Instruction for the entries that follow: retype exactly the lines from the line with "#36543 = DIRECTION" to the line with "#59195 = DIRECTION", both included, and omit all others.

═════ DATA SHOWN ═════

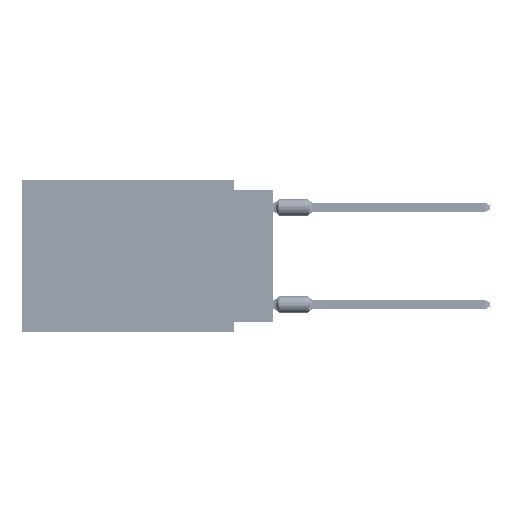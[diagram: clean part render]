
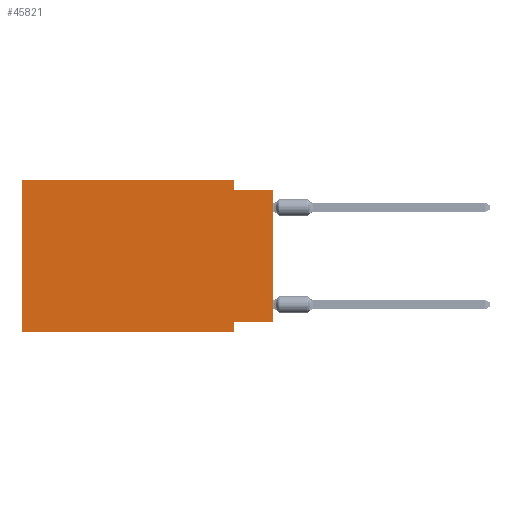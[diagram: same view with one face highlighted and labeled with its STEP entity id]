
A CAD part, left-side view. The second image highlights one B-rep face of the part: STEP entity #45821.
In plain terms, the highlighted planar face has unit normal (-1, 0, 0).
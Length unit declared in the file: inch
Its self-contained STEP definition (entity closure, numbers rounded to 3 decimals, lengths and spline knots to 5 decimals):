
#625 = LINE ( 'NONE', #59340, #31856 ) ;
#1854 = VECTOR ( 'NONE', #4628, 39.37008 ) ;
#4628 = DIRECTION ( 'NONE',  ( 0., -1., 0. ) ) ;
#4967 = CARTESIAN_POINT ( 'NONE',  ( 0., 0.645, 0. ) ) ;
#4972 = CARTESIAN_POINT ( 'NONE',  ( 0., 0.1, 0. ) ) ;
#5204 = VERTEX_POINT ( 'NONE', #74512 ) ;
#6955 = CARTESIAN_POINT ( 'NONE',  ( 0., 0.1, -0.39 ) ) ;
#9072 = VERTEX_POINT ( 'NONE', #6955 ) ;
#9361 = VERTEX_POINT ( 'NONE', #11738 ) ;
#11738 = CARTESIAN_POINT ( 'NONE',  ( 0., 0.1, -0.025 ) ) ;
#11986 = DIRECTION ( 'NONE',  ( 0., 0., 1. ) ) ;
#13293 = LINE ( 'NONE', #72450, #82876 ) ;
#13536 = VECTOR ( 'NONE', #41066, 39.37008 ) ;
#14707 = EDGE_CURVE ( 'NONE', #67131, #9361, #27117, .T. ) ;
#14766 = EDGE_CURVE ( 'NONE', #43392, #9072, #625, .T. ) ;
#16639 = ORIENTED_EDGE ( 'NONE', *, *, #66058, .F. ) ;
#18785 = DIRECTION ( 'NONE',  ( 1., 0., 0. ) ) ;
#19037 = VERTEX_POINT ( 'NONE', #53095 ) ;
#20737 = LINE ( 'NONE', #74585, #13536 ) ;
#22886 = ORIENTED_EDGE ( 'NONE', *, *, #56083, .T. ) ;
#24474 = CARTESIAN_POINT ( 'NONE',  ( 0., 0., -0.025 ) ) ;
#25567 = EDGE_LOOP ( 'NONE', ( #22886, #55831, #42161, #46918, #46974, #81761, #16639, #55785 ) ) ;
#27117 = LINE ( 'NONE', #39487, #37538 ) ;
#30200 = VECTOR ( 'NONE', #59529, 39.37008 ) ;
#31856 = VECTOR ( 'NONE', #86283, 39.37008 ) ;
#33730 = DIRECTION ( 'NONE',  ( 0., 0., -1. ) ) ;
#35251 = LINE ( 'NONE', #62169, #85240 ) ;
#35636 = CARTESIAN_POINT ( 'NONE',  ( 0., 0.645, -0.39 ) ) ;
#36543 = DIRECTION ( 'NONE',  ( 0., 0., -1. ) ) ;
#37538 = VECTOR ( 'NONE', #33730, 39.37008 ) ;
#38296 = EDGE_CURVE ( 'NONE', #43392, #59073, #20737, .T. ) ;
#38927 = LINE ( 'NONE', #81271, #76310 ) ;
#39487 = CARTESIAN_POINT ( 'NONE',  ( 0., 0.1, 0. ) ) ;
#41066 = DIRECTION ( 'NONE',  ( 0., 0., 1. ) ) ;
#42161 = ORIENTED_EDGE ( 'NONE', *, *, #14707, .F. ) ;
#43392 = VERTEX_POINT ( 'NONE', #35636 ) ;
#45305 = FACE_OUTER_BOUND ( 'NONE', #25567, .T. ) ;
#45723 = DIRECTION ( 'NONE',  ( 0., 0., -1. ) ) ;
#45821 = ADVANCED_FACE ( 'NONE', ( #45305 ), #52322, .F. ) ;
#46429 = AXIS2_PLACEMENT_3D ( 'NONE', #79264, #18785, #45723 ) ;
#46918 = ORIENTED_EDGE ( 'NONE', *, *, #47911, .F. ) ;
#46974 = ORIENTED_EDGE ( 'NONE', *, *, #38296, .F. ) ;
#47911 = EDGE_CURVE ( 'NONE', #59073, #67131, #38927, .T. ) ;
#51345 = VERTEX_POINT ( 'NONE', #56883 ) ;
#52322 = PLANE ( 'NONE',  #46429 ) ;
#53095 = CARTESIAN_POINT ( 'NONE',  ( 0., 0., -0.025 ) ) ;
#55785 = ORIENTED_EDGE ( 'NONE', *, *, #78885, .F. ) ;
#55831 = ORIENTED_EDGE ( 'NONE', *, *, #86455, .F. ) ;
#56083 = EDGE_CURVE ( 'NONE', #51345, #19037, #13293, .T. ) ;
#56883 = CARTESIAN_POINT ( 'NONE',  ( 0., 0., -0.365 ) ) ;
#59073 = VERTEX_POINT ( 'NONE', #4967 ) ;
#59195 = DIRECTION ( 'NONE',  ( 0., -1., 0. ) ) ;
#59340 = CARTESIAN_POINT ( 'NONE',  ( 0., 0.645, -0.39 ) ) ;
#59529 = DIRECTION ( 'NONE',  ( 0., 1., 0. ) ) ;
#62169 = CARTESIAN_POINT ( 'NONE',  ( 0., 0.1, -0.39 ) ) ;
#66058 = EDGE_CURVE ( 'NONE', #5204, #9072, #35251, .T. ) ;
#67131 = VERTEX_POINT ( 'NONE', #4972 ) ;
#71271 = LINE ( 'NONE', #24474, #1854 ) ;
#72450 = CARTESIAN_POINT ( 'NONE',  ( 0., 0., 0. ) ) ;
#73202 = CARTESIAN_POINT ( 'NONE',  ( 0., 0., -0.365 ) ) ;
#74512 = CARTESIAN_POINT ( 'NONE',  ( 0., 0.1, -0.365 ) ) ;
#74585 = CARTESIAN_POINT ( 'NONE',  ( 0., 0.645, 0. ) ) ;
#76310 = VECTOR ( 'NONE', #59195, 39.37008 ) ;
#78885 = EDGE_CURVE ( 'NONE', #51345, #5204, #86462, .T. ) ;
#79264 = CARTESIAN_POINT ( 'NONE',  ( 0., 0.645, 0. ) ) ;
#81271 = CARTESIAN_POINT ( 'NONE',  ( 0., 0.645, 0. ) ) ;
#81761 = ORIENTED_EDGE ( 'NONE', *, *, #14766, .T. ) ;
#82876 = VECTOR ( 'NONE', #11986, 39.37008 ) ;
#85240 = VECTOR ( 'NONE', #36543, 39.37008 ) ;
#86283 = DIRECTION ( 'NONE',  ( 0., -1., 0. ) ) ;
#86455 = EDGE_CURVE ( 'NONE', #9361, #19037, #71271, .T. ) ;
#86462 = LINE ( 'NONE', #73202, #30200 ) ;

═════

**FINISHED EXERCISE**
#36543 = DIRECTION ( 'NONE',  ( 0., 0., -1. ) ) ;
#37538 = VECTOR ( 'NONE', #33730, 39.37008 ) ;
#38296 = EDGE_CURVE ( 'NONE', #43392, #59073, #20737, .T. ) ;
#38927 = LINE ( 'NONE', #81271, #76310 ) ;
#39487 = CARTESIAN_POINT ( 'NONE',  ( 0., 0.1, 0. ) ) ;
#41066 = DIRECTION ( 'NONE',  ( 0., 0., 1. ) ) ;
#42161 = ORIENTED_EDGE ( 'NONE', *, *, #14707, .F. ) ;
#43392 = VERTEX_POINT ( 'NONE', #35636 ) ;
#45305 = FACE_OUTER_BOUND ( 'NONE', #25567, .T. ) ;
#45723 = DIRECTION ( 'NONE',  ( 0., 0., -1. ) ) ;
#45821 = ADVANCED_FACE ( 'NONE', ( #45305 ), #52322, .F. ) ;
#46429 = AXIS2_PLACEMENT_3D ( 'NONE', #79264, #18785, #45723 ) ;
#46918 = ORIENTED_EDGE ( 'NONE', *, *, #47911, .F. ) ;
#46974 = ORIENTED_EDGE ( 'NONE', *, *, #38296, .F. ) ;
#47911 = EDGE_CURVE ( 'NONE', #59073, #67131, #38927, .T. ) ;
#51345 = VERTEX_POINT ( 'NONE', #56883 ) ;
#52322 = PLANE ( 'NONE',  #46429 ) ;
#53095 = CARTESIAN_POINT ( 'NONE',  ( 0., 0., -0.025 ) ) ;
#55785 = ORIENTED_EDGE ( 'NONE', *, *, #78885, .F. ) ;
#55831 = ORIENTED_EDGE ( 'NONE', *, *, #86455, .F. ) ;
#56083 = EDGE_CURVE ( 'NONE', #51345, #19037, #13293, .T. ) ;
#56883 = CARTESIAN_POINT ( 'NONE',  ( 0., 0., -0.365 ) ) ;
#59073 = VERTEX_POINT ( 'NONE', #4967 ) ;
#59195 = DIRECTION ( 'NONE',  ( 0., -1., 0. ) ) ;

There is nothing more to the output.